### WHAT NEEDS TO BE DONE
Once the line with "arc A22 (9.0625, -7.3107)" is found in the entries below, repeat it and each following line exactly, up to and including the line with "circle A7 centre (-0.9364, -13.3907)". Add no other lines.

Dataset items
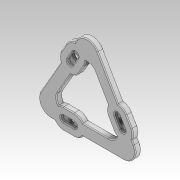
# Autodesk Inventor part: ValveThing2
Saved by Autodesk Inventor 2020 (Build 240168000, 168)
## iProperties
Created: 2022-01-09
Part Number: ValveThing2
Material: Generic
Document SubType Name: Modeling
Designer: DDeGo
Density: 1 g/cm^3
Appearance: Default
Author: DDeGo
Autodesk Inventor part; units mm, degrees
ref_plane "YZ Plane" through (0, 0, 0) normal (1, 0, 0) x (0, 1, 0)
ref_plane "XZ Plane" through (0, 0, 0) normal (0, 1, 0) x (-1, 0, 0)
ref_plane "XY Plane" through (0, 0, 0) normal (0, 0, 1) x (1, 0, 0)
sketch "Block1" plane through (0, 0, 0) normal (0, 0, 1) x (1, 0, 0)
  circle A0 centre (-3.875, 6.7117) radius 2.6
  arc A1 (-0.9902, 6.6954) -> (-5.6639, 8.975) centre (-3.327, 7.8352) ccw
  line L0 (-0.9902, 6.6954) -> (-1.5381, 5.5719)
  line L1 (-6.2119, 7.8515) -> (-5.6639, 8.975)
  line L2 (-1.5381, 5.5719) -> (-2.0861, 4.4484)
  arc A2 (-1.5381, 5.5719) -> (-6.2119, 7.8515) centre (-3.875, 6.7117) ccw
  circle A3 centre (-3.875, 6.7117) radius 1.25
  line L3 (-6.7598, 6.728) -> (-6.2119, 7.8515)
  arc A4 (-6.2119, 7.8515) -> (-1.5381, 5.5719) centre (-3.875, 6.7117) ccw
  arc A5 (-6.7598, 6.728) -> (-2.0861, 4.4484) centre (-4.423, 5.5882) ccw
  line L4 (4.6199, 1.9581) -> (1.25, 6.9542)
  line L5 (1.8, 11.5037) -> (7.107, 3.6357)
  line L6 (-5.3033, -4.2052) -> (-4.0564, -4.118)
  line L7 (-3.6936, -9.3054) -> (-4.9406, -9.3926)
  arc A6 (-4.0564, -4.118) -> (-3.6936, -9.3054) centre (-3.875, -6.7117) ccw
  line L8 (-4.0564, -4.118) -> (-2.8094, -4.0308)
  circle A7 centre (-3.875, -6.7117) radius 1.25
  circle A8 centre (-3.875, -6.7117) radius 2.6
  line L9 (-2.4467, -9.2182) -> (-3.6936, -9.3054)
  arc A9 (-3.6936, -9.3054) -> (-4.0564, -4.118) centre (-3.875, -6.7117) ccw
  arc A10 (-2.4467, -9.2182) -> (-2.8094, -4.0308) centre (-2.628, -6.6245) ccw
  arc A11 (-0.4049, -7.9727) -> (-0.6142, -4.98) centre (-2.628, -6.6245) ccw
  arc A12 (-6.6475, -2.3946) -> (-6.4003, -4.5348) centre (-4.8499, -3.2713) ccw
  line L10 (-4.0057, 3.0219) -> (-6.6475, -2.3946)
  line L11 (-10.8625, -4.193) -> (-6.7021, 4.337)
  arc A13 (-6.7021, 4.337) -> (-4.0057, 3.0219) centre (-4.423, 5.5882) ccw
  arc A14 (9.2065, 2.4902) -> (4.8955, -0.4176) centre (7.051, 1.0363) ccw
  line L12 (5.5945, -1.4539) -> (4.8955, -0.4176)
  line L13 (9.2065, 2.4902) -> (9.9055, 1.4539)
  circle A15 centre (7.75, 0) radius 1.25
  line L14 (9.9055, 1.4539) -> (10.6045, 0.4176)
  arc A16 (9.9055, 1.4539) -> (5.5945, -1.4539) centre (7.75, 0) ccw
  circle A17 centre (7.75, 0) radius 2.6
  arc A18 (5.5945, -1.4539) -> (9.9055, 1.4539) centre (7.75, 0) ccw
  arc A19 (6.2935, -2.4902) -> (10.6045, 0.4176) centre (8.449, -1.0363) ccw
  arc A20 (7.1274, -3.2754) -> (10.8801, -1.9581) centre (8.449, -1.0363) ccw
  line L15 (10.8801, -1.9581) -> (11.3403, -2.6404)
  arc A21 (7.107, 3.6357) -> (4.6199, 1.9581) centre (7.051, 1.0363) ccw
  arc A22 (9.0625, -7.3107) -> (11.3403, -2.6404) centre (8.8532, -4.318) ccw
  arc A23 (5.3975, -4.5596) -> (7.1274, -3.2754) centre (5.258, -2.5645) ccw
  line L16 (9.0625, -7.3107) -> (-0.4049, -7.9727)
  line L17 (-0.6142, -4.98) -> (5.3975, -4.5596)
  line L18 (6.2935, -2.4902) -> (5.5945, -1.4539)
  arc A24 (-5.3033, -4.2052) -> (-4.9406, -9.3926) centre (-5.122, -6.7989) ccw
  arc A25 (-6.4003, -4.5348) -> (-7.1358, -8.4434) centre (-5.122, -6.7989) ccw
  line L19 (-7.1358, -8.4434) -> (-7.9568, -8.5008)
  arc A26 (-10.8625, -4.193) -> (-7.9568, -8.5008) centre (-8.1661, -5.5081) ccw
  arc A27 (-0.7272, 7.8102) -> (-3.7443, 10.4015) centre (-3.327, 7.8352) ccw
  line L20 (-3.7443, 10.4015) -> (-3.3835, 11.1412)
  arc A28 (1.25, 6.9542) -> (-0.7272, 7.8102) centre (-0.4081, 5.8358) ccw
  arc A29 (1.8, 11.5037) -> (-3.3835, 11.1412) centre (-0.6871, 9.8261) ccw
  point P0 (0, 0)
sketch "Sketch1" plane through (0, 0, 0) normal (0, 0, 1) x (1, 0, 0)
  circle A0 centre (0, 0) radius 2.6
  arc A1 (2.8767, -0.2175) -> (-1.6267, 2.3825) centre (0.625, 1.0825) ccw
  line L0 (2.8767, -0.2175) -> (2.2517, -1.3)
  line L1 (-2.2517, 1.3) -> (-1.6267, 2.3825)
  line L2 (2.2517, -1.3) -> (1.6267, -2.3825)
  arc A2 (2.2517, -1.3) -> (-2.2517, 1.3) centre (0, 0) ccw
  circle A3 centre (0, 0) radius 1.25
  line L3 (-2.8767, 0.2175) -> (-2.2517, 1.3)
  arc A4 (-2.2517, 1.3) -> (2.2517, -1.3) centre (0, 0) ccw
  arc A5 (-2.8767, 0.2175) -> (1.6267, -2.3825) centre (-0.625, -1.0825) ccw
  line L4 (8.1426, -5.3346) -> (5.1294, -0.1156)
  line L5 (5.9955, 4.3844) -> (10.7407, -3.8346)
  line L6 (-2.1864, -10.7907) -> (-0.9364, -10.7907)
  line L7 (-0.9364, -15.9907) -> (-2.1864, -15.9907)
  arc A6 (-0.9364, -10.7907) -> (-0.9364, -15.9907) centre (-0.9364, -13.3907) ccw
  line L8 (-0.9364, -10.7907) -> (0.3136, -10.7907)
  circle A7 centre (-0.9364, -13.3907) radius 1.25
  circle A8 centre (-0.9364, -13.3907) radius 2.6
  line L9 (0.3136, -15.9907) -> (-0.9364, -15.9907)
  arc A9 (-0.9364, -15.9907) -> (-0.9364, -10.7907) centre (-0.9364, -13.3907) ccw
  arc A10 (0.3136, -15.9907) -> (0.3136, -10.7907) centre (0.3136, -13.3907) ccw
  arc A11 (2.4373, -14.8907) -> (2.4373, -11.8907) centre (0.3136, -13.3907) ccw
  arc A12 (-3.401, -8.8907) -> (-3.3036, -11.043) centre (-1.6689, -9.8907) ccw
  line L10 (-0.3878, -3.6717) -> (-3.401, -8.8907)
  line L11 (-7.7311, -10.3907) -> (-2.9859, -2.1717)
  arc A13 (-2.9859, -2.1717) -> (-0.3878, -3.6717) centre (-0.625, -1.0825) ccw
  arc A14 (12.7552, -5.1237) -> (8.2518, -7.7237) centre (10.5035, -6.4237) ccw
  line L12 (8.8768, -8.8063) -> (8.2518, -7.7237)
  line L13 (12.7552, -5.1237) -> (13.3802, -6.2063)
  circle A15 centre (11.1285, -7.5063) radius 1.25
  line L14 (13.3802, -6.2063) -> (14.0052, -7.2888)
  arc A16 (13.3802, -6.2063) -> (8.8768, -8.8063) centre (11.1285, -7.5063) ccw
  circle A17 centre (11.1285, -7.5063) radius 2.6
  arc A18 (8.8768, -8.8063) -> (13.3802, -6.2063) centre (11.1285, -7.5063) ccw
  arc A19 (9.5018, -9.8888) -> (14.0052, -7.2888) centre (11.7535, -8.5888) ccw
  arc A20 (10.279, -10.7302) -> (14.1144, -9.678) centre (11.7535, -8.5888) ccw
  line L15 (14.1144, -9.678) -> (14.5259, -10.3907)
  arc A21 (10.7407, -3.8346) -> (8.1426, -5.3346) centre (10.5035, -6.4237) ccw
  arc A22 (11.9278, -14.8907) -> (14.5259, -10.3907) centre (11.9278, -11.8907) ccw
  arc A23 (8.4637, -11.8907) -> (10.279, -10.7302) centre (8.4637, -9.8907) ccw
  line L16 (11.9278, -14.8907) -> (2.4373, -14.8907)
  line L17 (2.4373, -11.8907) -> (8.4637, -11.8907)
  line L18 (9.5018, -9.8888) -> (8.8768, -8.8063)
  arc A24 (-2.1864, -10.7907) -> (-2.1864, -15.9907) centre (-2.1864, -13.3907) ccw
  arc A25 (-3.3036, -11.043) -> (-4.31, -14.8907) centre (-2.1864, -13.3907) ccw
  line L19 (-4.31, -14.8907) -> (-5.133, -14.8907)
  arc A26 (-7.7311, -10.3907) -> (-5.133, -14.8907) centre (-5.133, -11.8907) ccw
  arc A27 (3.2168, 0.8763) -> (0.3878, 3.6717) centre (0.625, 1.0825) ccw
  line L20 (0.3878, 3.6717) -> (0.7993, 4.3844)
  arc A28 (5.1294, -0.1156) -> (3.2168, 0.8763) centre (3.3974, -1.1156) ccw
  arc A29 (5.9955, 4.3844) -> (0.7993, 4.3844) centre (3.3974, 2.8844) ccw
  point P0 (0, 0)
  point P1 (0, 0)
  point P2 (-2.2517, 1.3)
  point P3 (-2.9859, -2.1717)
  point P4 (-4.31, -14.8907)
  point P5 (-0.9364, -15.9907)
  point P6 (2.4373, -14.8907)
  point P7 (13.3802, -6.2063)
  point P8 (0.3878, 3.6717)
  point P9 (3.2168, 0.8763)
  point P10 (8.8768, -8.8063)
  point P11 (2.4373, -11.8907)
  point P12 (-0.9364, -10.7907)
  point P13 (-3.3036, -11.043)
  constraints: 2 other
extrude "Extrusion1" add sketch "Sketch1" along normal blind 1.4 contours A0 | A0 L1 A1 L0 | A0 L2 A5 L3 | L20 A29 L5 A14 L4 A28 A1 | A5 L10 A12 A24 L19 A26 L11 | A14 L13 A16 L12 | A24 L6 A6 L7 | A16 A17 | A17 L14 A19 L18 | A8 A6 | L8 A10 L9 A8 | A19 L15 A22 L16 A10 L17 A23 | A3 | A7 | A15
sketch "Sketch2" plane through (0, 0, 1.4) normal (0, 0, 1) x (1, 0, 0)
  arc A0 (2.4373, -11.8907) -> (0.3136, -10.7907) centre (0.3136, -13.3907) ccw projected
  arc A1 (-2.1864, -10.7907) -> (-3.3036, -11.043) centre (-2.1864, -13.3907) ccw projected
  line L0 (0.3136, -13.3907) -> (-2.1864, -13.3907) construction
  line L1 (0.3136, -14.0907) -> (-2.1864, -14.0907)
  line L2 (-2.1864, -12.6907) -> (0.3136, -12.6907)
  arc A2 (0.3136, -14.0907) -> (0.3136, -12.6907) centre (0.3136, -13.3907) ccw
  arc A3 (-2.1864, -12.6907) -> (-2.1864, -14.0907) centre (-2.1864, -13.3907) ccw
  arc A4 (8.1426, -5.3346) -> (8.2518, -7.7237) centre (10.5035, -6.4237) ccw projected
  arc A5 (9.5018, -9.8888) -> (10.279, -10.7302) centre (11.7535, -8.5888) ccw projected
  line L3 (10.5035, -6.4237) -> (11.7535, -8.5888) construction
  line L4 (9.8973, -6.7737) -> (11.1473, -8.9388)
  line L5 (12.3597, -8.2388) -> (11.1097, -6.0737)
  arc A6 (11.1097, -6.0737) -> (9.8973, -6.7737) centre (10.5035, -6.4237) ccw
  arc A7 (11.1473, -8.9388) -> (12.3597, -8.2388) centre (11.7535, -8.5888) ccw
  arc A8 (-0.3878, -3.6717) -> (1.6267, -2.3825) centre (-0.625, -1.0825) ccw projected
  arc A9 (2.8767, -0.2175) -> (3.2168, 0.8763) centre (0.625, 1.0825) ccw projected
  line L6 (-0.625, -1.0825) -> (0.625, 1.0825) construction
  line L7 (-1.2312, -0.7325) -> (0.0188, 1.4325)
  line L8 (1.2312, 0.7325) -> (-0.0188, -1.4325)
  arc A10 (-1.2312, -0.7325) -> (-0.0188, -1.4325) centre (-0.625, -1.0825) ccw
  arc A11 (1.2312, 0.7325) -> (0.0188, 1.4325) centre (0.625, 1.0825) ccw
  point P0 (0, 0)
  point P1 (-0.9364, -13.3907)
  point P2 (11.1285, -7.5063)
  point P3 (0, 0)
  dimension "d2" = 0.7
  constraints: 24 end point, 12 point on circle, 12 tangent, 6 centre point, 3 midpoint, 3 parallel, 2 equal radius, 1 horizontal
  measures "d2" radius of A10
extrude "Extrusion2" cut sketch "Sketch2" against normal blind 0.65
sketch "Sketch3" plane through (0, 0, 1.4) normal (0, 0, 1) x (1, 0, 0)
  arc A0 (-1.2312, -0.7325) -> (-0.0188, -1.4325) centre (-0.625, -1.0825) ccw construction
  arc A1 (1.2312, 0.7325) -> (0.0188, 1.4325) centre (0.625, 1.0825) ccw construction
  line L0 (-0.625, -1.0825) -> (0.625, 1.0825) construction
  arc A2 (11.1097, -6.0737) -> (9.8973, -6.7737) centre (10.5035, -6.4237) ccw construction
  arc A3 (11.1473, -8.9388) -> (12.3597, -8.2388) centre (11.7535, -8.5888) ccw construction
  line L1 (10.5035, -6.4237) -> (11.7535, -8.5888) construction
  arc A4 (0.3136, -14.0907) -> (0.3136, -12.6907) centre (0.3136, -13.3907) ccw construction
  arc A5 (-2.1864, -12.6907) -> (-2.1864, -14.0907) centre (-2.1864, -13.3907) ccw construction
  line L2 (0.3136, -13.3907) -> (-2.1864, -13.3907) construction
  circle A6 centre (0, 0) radius 0.7
  circle A7 centre (11.1285, -7.5063) radius 0.7
  circle A8 centre (-0.9364, -13.3907) radius 0.7
  dimension "d5" = 1.4
  constraints: 6 end point, 3 centre point, 2 equal radius, 2 midpoint, 1 coincident, 1 horizontal
  measures "d5" diameter of A6
extrude "Extrusion3" cut sketch "Sketch3" against normal through all
sketch "Sketch4" plane through (0, 0, 1.4) normal (0, 0, 1) x (1, 0, 0)
  arc A0 (-2.1864, -12.6907) -> (-2.1864, -14.0907) centre (-2.1864, -13.3907) ccw construction
  line L0 (-2.1864, -12.6907) -> (0.3136, -12.6907) construction
  arc A1 (0.3136, -14.0907) -> (0.3136, -12.6907) centre (0.3136, -13.3907) ccw construction
  line L1 (0.3136, -14.0907) -> (-2.1864, -14.0907) construction
  line L2 (11.1473, -8.9388) -> (9.8973, -6.7737) construction
  arc A2 (11.1097, -6.0737) -> (9.8973, -6.7737) centre (10.5035, -6.4237) ccw construction
  line L3 (11.1097, -6.0737) -> (12.3597, -8.2388) construction
  arc A3 (11.1473, -8.9388) -> (12.3597, -8.2388) centre (11.7535, -8.5888) ccw construction
  line L4 (-1.2312, -0.7325) -> (0.0188, 1.4325) construction
  arc A4 (1.2312, 0.7325) -> (0.0188, 1.4325) centre (0.625, 1.0825) ccw construction
  line L5 (1.2312, 0.7325) -> (-0.0188, -1.4325) construction
  arc A5 (-1.2312, -0.7325) -> (-0.0188, -1.4325) centre (-0.625, -1.0825) ccw construction
  line L6 (14.0052, -7.2888) -> (12.7552, -5.1237) projected
  arc A6 (12.7552, -5.1237) -> (10.7407, -3.8346) centre (10.5035, -6.4237) ccw projected
  line L7 (10.7407, -3.8346) -> (5.9955, 4.3844) projected
  arc A7 (5.9955, 4.3844) -> (0.7993, 4.3844) centre (3.3974, 2.8844) ccw projected
  line L8 (0.7993, 4.3844) -> (0.3878, 3.6717) projected
  arc A8 (0.3878, 3.6717) -> (-1.6267, 2.3825) centre (0.625, 1.0825) ccw projected
  line L9 (-1.6267, 2.3825) -> (-2.8767, 0.2175) projected
  arc A9 (-2.8767, 0.2175) -> (-2.9859, -2.1717) centre (-0.625, -1.0825) ccw projected
  line L10 (-2.9859, -2.1717) -> (-7.7311, -10.3907) projected
  arc A10 (-7.7311, -10.3907) -> (-5.133, -14.8907) centre (-5.133, -11.8907) ccw projected
  line L11 (-5.133, -14.8907) -> (-4.31, -14.8907) projected
  arc A11 (-4.31, -14.8907) -> (-2.1864, -15.9907) centre (-2.1864, -13.3907) ccw projected
  line L12 (-2.1864, -15.9907) -> (0.3136, -15.9907) projected
  arc A12 (0.3136, -15.9907) -> (2.4373, -14.8907) centre (0.3136, -13.3907) ccw projected
  line L13 (2.4373, -14.8907) -> (11.9278, -14.8907) projected
  arc A13 (11.9278, -14.8907) -> (14.5259, -10.3907) centre (11.9278, -11.8907) ccw projected
  line L14 (14.5259, -10.3907) -> (14.1144, -9.678) projected
  arc A14 (14.1144, -9.678) -> (14.0052, -7.2888) centre (11.7535, -8.5888) ccw projected
  arc A15 (2.4373, -11.8907) -> (0.3136, -10.7907) centre (0.3136, -13.3907) ccw projected
  line L15 (0.3136, -10.7907) -> (-2.1864, -10.7907) projected
  arc A16 (-2.1864, -10.7907) -> (-3.3036, -11.043) centre (-2.1864, -13.3907) ccw projected
  arc A17 (-3.401, -8.8907) -> (-3.3036, -11.043) centre (-1.6689, -9.8907) ccw projected
  line L16 (-3.401, -8.8907) -> (-0.3878, -3.6717) projected
  arc A18 (-0.3878, -3.6717) -> (1.6267, -2.3825) centre (-0.625, -1.0825) ccw projected
  line L17 (1.6267, -2.3825) -> (2.8767, -0.2175) projected
  arc A19 (2.8767, -0.2175) -> (3.2168, 0.8763) centre (0.625, 1.0825) ccw projected
  arc A20 (5.1294, -0.1156) -> (3.2168, 0.8763) centre (3.3974, -1.1156) ccw projected
  line L18 (5.1294, -0.1156) -> (8.1426, -5.3346) projected
  arc A21 (8.1426, -5.3346) -> (8.2518, -7.7237) centre (10.5035, -6.4237) ccw projected
  line L19 (8.2518, -7.7237) -> (9.5018, -9.8888) projected
  arc A22 (9.5018, -9.8888) -> (10.279, -10.7302) centre (11.7535, -8.5888) ccw projected
  arc A23 (8.4637, -11.8907) -> (10.279, -10.7302) centre (8.4637, -9.8907) ccw projected
  line L20 (8.4637, -11.8907) -> (2.4373, -11.8907) projected
  arc A24 (0.4781, 3.5281) -> (-1.4968, 2.3075) centre (0.625, 1.0825) ccw
  line L21 (0.4781, 3.5281) -> (0.9292, 4.3094)
  arc A25 (5.8655, 4.3094) -> (0.9292, 4.3094) centre (3.3974, 2.8844) ccw
  line L22 (5.8655, 4.3094) -> (10.6504, -3.9781)
  arc A26 (12.6253, -5.1987) -> (10.6504, -3.9781) centre (10.5035, -6.4237) ccw
  line L23 (12.6253, -5.1987) -> (13.8753, -7.3638)
  arc A27 (13.9449, -9.6844) -> (13.8753, -7.3638) centre (11.7535, -8.5888) ccw
  line L24 (13.9449, -9.6844) -> (14.396, -10.4657)
  arc A28 (11.9278, -14.7407) -> (14.396, -10.4657) centre (11.9278, -11.8907) ccw
  line L25 (11.9278, -14.7407) -> (2.3581, -14.7407)
  arc A29 (0.3136, -15.8407) -> (2.3581, -14.7407) centre (0.3136, -13.3907) ccw
  line L26 (0.3136, -15.8407) -> (-2.1864, -15.8407)
  arc A30 (-4.2309, -14.7407) -> (-2.1864, -15.8407) centre (-2.1864, -13.3907) ccw
  line L27 (-4.2309, -14.7407) -> (-5.133, -14.7407)
  arc A31 (-7.6012, -10.4657) -> (-5.133, -14.7407) centre (-5.133, -11.8907) ccw
  line L28 (-7.6012, -10.4657) -> (-2.8164, -2.1781)
  arc A32 (-2.7468, 0.1425) -> (-2.8164, -2.1781) centre (-0.625, -1.0825) ccw
  line L29 (-2.7468, 0.1425) -> (-1.4968, 2.3075)
  line L30 (-0.4781, -3.5281) -> (-3.5309, -8.8157)
  arc A33 (-3.5309, -8.8157) -> (-3.348, -11.2336) centre (-1.6689, -9.8907) ccw
  arc A34 (-2.1864, -10.9407) -> (-3.348, -11.2336) centre (-2.1864, -13.3907) ccw
  line L31 (-2.1864, -10.9407) -> (0.3136, -10.9407)
  arc A35 (2.3581, -12.0407) -> (0.3136, -10.9407) centre (0.3136, -13.3907) ccw
  line L32 (2.3581, -12.0407) -> (8.4637, -12.0407)
  arc A36 (8.4637, -12.0407) -> (10.4662, -10.6733) centre (8.4637, -9.8907) ccw
  arc A37 (9.6317, -9.8138) -> (10.4662, -10.6733) centre (11.7535, -8.5888) ccw
  line L33 (9.6317, -9.8138) -> (8.3817, -7.6487)
  arc A38 (8.3121, -5.3281) -> (8.3817, -7.6487) centre (10.5035, -6.4237) ccw
  line L34 (8.3121, -5.3281) -> (5.2593, -0.0406)
  arc A39 (5.2593, -0.0406) -> (3.0739, 1.01) centre (3.3974, -1.1156) ccw
  arc A40 (2.7468, -0.1425) -> (3.0739, 1.01) centre (0.625, 1.0825) ccw
  line L35 (2.7468, -0.1425) -> (1.4968, -2.3075)
  arc A41 (-0.4781, -3.5281) -> (1.4968, -2.3075) centre (-0.625, -1.0825) ccw
  point P0 (0, 0)
  dimension "d10" = 0.15
  dimension "d13" = 0.15
  constraints: 36 point on circle, 30 end point, 18 centre point, 31 other
  measures "d10" distance between parallel lines of L9 L29
  measures "d13" distance between parallel lines of L17 L35
extrude "Extrusion4" cut sketch "Sketch4" against normal through all
fillet "Fillet1" radius 0.2 66 edges at (-3.8128, -10.0529, 1.4) (-2.0045, -6.1719, 1.4) (-7.6012, -13.3157, 1.4) (-4.682, -14.7407, 1.4) (-5.2088, -6.3219, 1.4) (-2.1218, 1.225, 1.4) (-0.6631, 3.1666, 1.4) (-3.0739, -1.0091, 1.4) (2.1218, -1.225, 1.4) (2.9819, 0.4134, 1.4) (0.6631, -3.1666, 1.4) (2.1218, -1.225, 0) (2.9819, 0.4134, 0) (0.6631, -3.1666, 0) (-3.8128, -10.0529, 0) (-2.0045, -6.1719, 0) (-7.6012, -13.3157, 0) (-4.682, -14.7407, 0) (-5.2088, -6.3219, 0) (0.7037, 3.9188, 1.4) (8.258, 0.1656, 1.4) (3.3974, 5.7344, 1.4) (8.258, 0.1656, 0) (0.7037, 3.9188, 0) (3.3974, 5.7344, 0) (-2.1218, 1.225, 0) (-3.0739, -1.0091, 0) (-0.6631, 3.1666, 0) (6.7857, -2.6844, 0) (4.3289, 0.8222, 0) (6.7857, -2.6844, 1.4) (4.3289, 0.8222, 1.4) (9.0067, -8.7313, 1.4) (8.0546, -6.4972, 1.4) (9.9956, -10.2954, 1.4) (8.0546, -6.4972, 0) (9.9956, -10.2954, 0) (9.0067, -8.7313, 0) (13.2503, -6.2813, 1.4) (11.7916, -4.3397, 1.4) (14.2024, -8.5153, 1.4) (13.2503, -6.2813, 0) (11.7916, -4.3397, 0) (14.2024, -8.5153, 0) (7.143, -14.7407, 0) (14.1704, -10.075, 0) (14.396, -13.3157, 0) (14.1704, -10.075, 1.4) (7.143, -14.7407, 1.4) (14.396, -13.3157, 1.4) (5.4109, -12.0407, 0) (9.6761, -11.6663, 0) (5.4109, -12.0407, 1.4) (9.6761, -11.6663, 1.4) (-0.9364, -10.9407, 1.4) (-2.7854, -11.015, 1.4) (1.4745, -11.2332, 1.4) (-0.9364, -10.9407, 0) (-2.7854, -11.015, 0) (1.4745, -11.2332, 0) (-0.9364, -15.8407, 0) (-3.3472, -15.5482, 0) (1.4745, -15.5482, 0) (-0.9364, -15.8407, 1.4) (-3.3472, -15.5482, 1.4) (1.4745, -15.5482, 1.4)
fillet "Fillet2" radius 0.2 15 edges at (-0.6062, 0.35, 1.4) (0.975, 1.6887, 1.4) (0.6062, -0.35, 1.4) (-0.975, -1.6887, 1.4) (-2.8864, -13.3907, 1.4) (-0.9364, -12.6907, 1.4) (1.0136, -13.3907, 1.4) (-0.9364, -14.0907, 1.4) (12.1035, -9.195, 1.4) (10.5223, -7.8563, 1.4) (10.1535, -5.8175, 1.4) (11.7347, -7.1563, 1.4) (10.4285, -7.5063, 0) (-1.6364, -13.3907, 0) (-0.7, 0, 0)
equation "\"d13\" = d10"
body "Solid1"

### TASK OUTPUT
  arc A22 (9.0625, -7.3107) -> (11.3403, -2.6404) centre (8.8532, -4.318) ccw
  arc A23 (5.3975, -4.5596) -> (7.1274, -3.2754) centre (5.258, -2.5645) ccw
  line L16 (9.0625, -7.3107) -> (-0.4049, -7.9727)
  line L17 (-0.6142, -4.98) -> (5.3975, -4.5596)
  line L18 (6.2935, -2.4902) -> (5.5945, -1.4539)
  arc A24 (-5.3033, -4.2052) -> (-4.9406, -9.3926) centre (-5.122, -6.7989) ccw
  arc A25 (-6.4003, -4.5348) -> (-7.1358, -8.4434) centre (-5.122, -6.7989) ccw
  line L19 (-7.1358, -8.4434) -> (-7.9568, -8.5008)
  arc A26 (-10.8625, -4.193) -> (-7.9568, -8.5008) centre (-8.1661, -5.5081) ccw
  arc A27 (-0.7272, 7.8102) -> (-3.7443, 10.4015) centre (-3.327, 7.8352) ccw
  line L20 (-3.7443, 10.4015) -> (-3.3835, 11.1412)
  arc A28 (1.25, 6.9542) -> (-0.7272, 7.8102) centre (-0.4081, 5.8358) ccw
  arc A29 (1.8, 11.5037) -> (-3.3835, 11.1412) centre (-0.6871, 9.8261) ccw
  point P0 (0, 0)
sketch "Sketch1" plane through (0, 0, 0) normal (0, 0, 1) x (1, 0, 0)
  circle A0 centre (0, 0) radius 2.6
  arc A1 (2.8767, -0.2175) -> (-1.6267, 2.3825) centre (0.625, 1.0825) ccw
  line L0 (2.8767, -0.2175) -> (2.2517, -1.3)
  line L1 (-2.2517, 1.3) -> (-1.6267, 2.3825)
  line L2 (2.2517, -1.3) -> (1.6267, -2.3825)
  arc A2 (2.2517, -1.3) -> (-2.2517, 1.3) centre (0, 0) ccw
  circle A3 centre (0, 0) radius 1.25
  line L3 (-2.8767, 0.2175) -> (-2.2517, 1.3)
  arc A4 (-2.2517, 1.3) -> (2.2517, -1.3) centre (0, 0) ccw
  arc A5 (-2.8767, 0.2175) -> (1.6267, -2.3825) centre (-0.625, -1.0825) ccw
  line L4 (8.1426, -5.3346) -> (5.1294, -0.1156)
  line L5 (5.9955, 4.3844) -> (10.7407, -3.8346)
  line L6 (-2.1864, -10.7907) -> (-0.9364, -10.7907)
  line L7 (-0.9364, -15.9907) -> (-2.1864, -15.9907)
  arc A6 (-0.9364, -10.7907) -> (-0.9364, -15.9907) centre (-0.9364, -13.3907) ccw
  line L8 (-0.9364, -10.7907) -> (0.3136, -10.7907)
  circle A7 centre (-0.9364, -13.3907) radius 1.25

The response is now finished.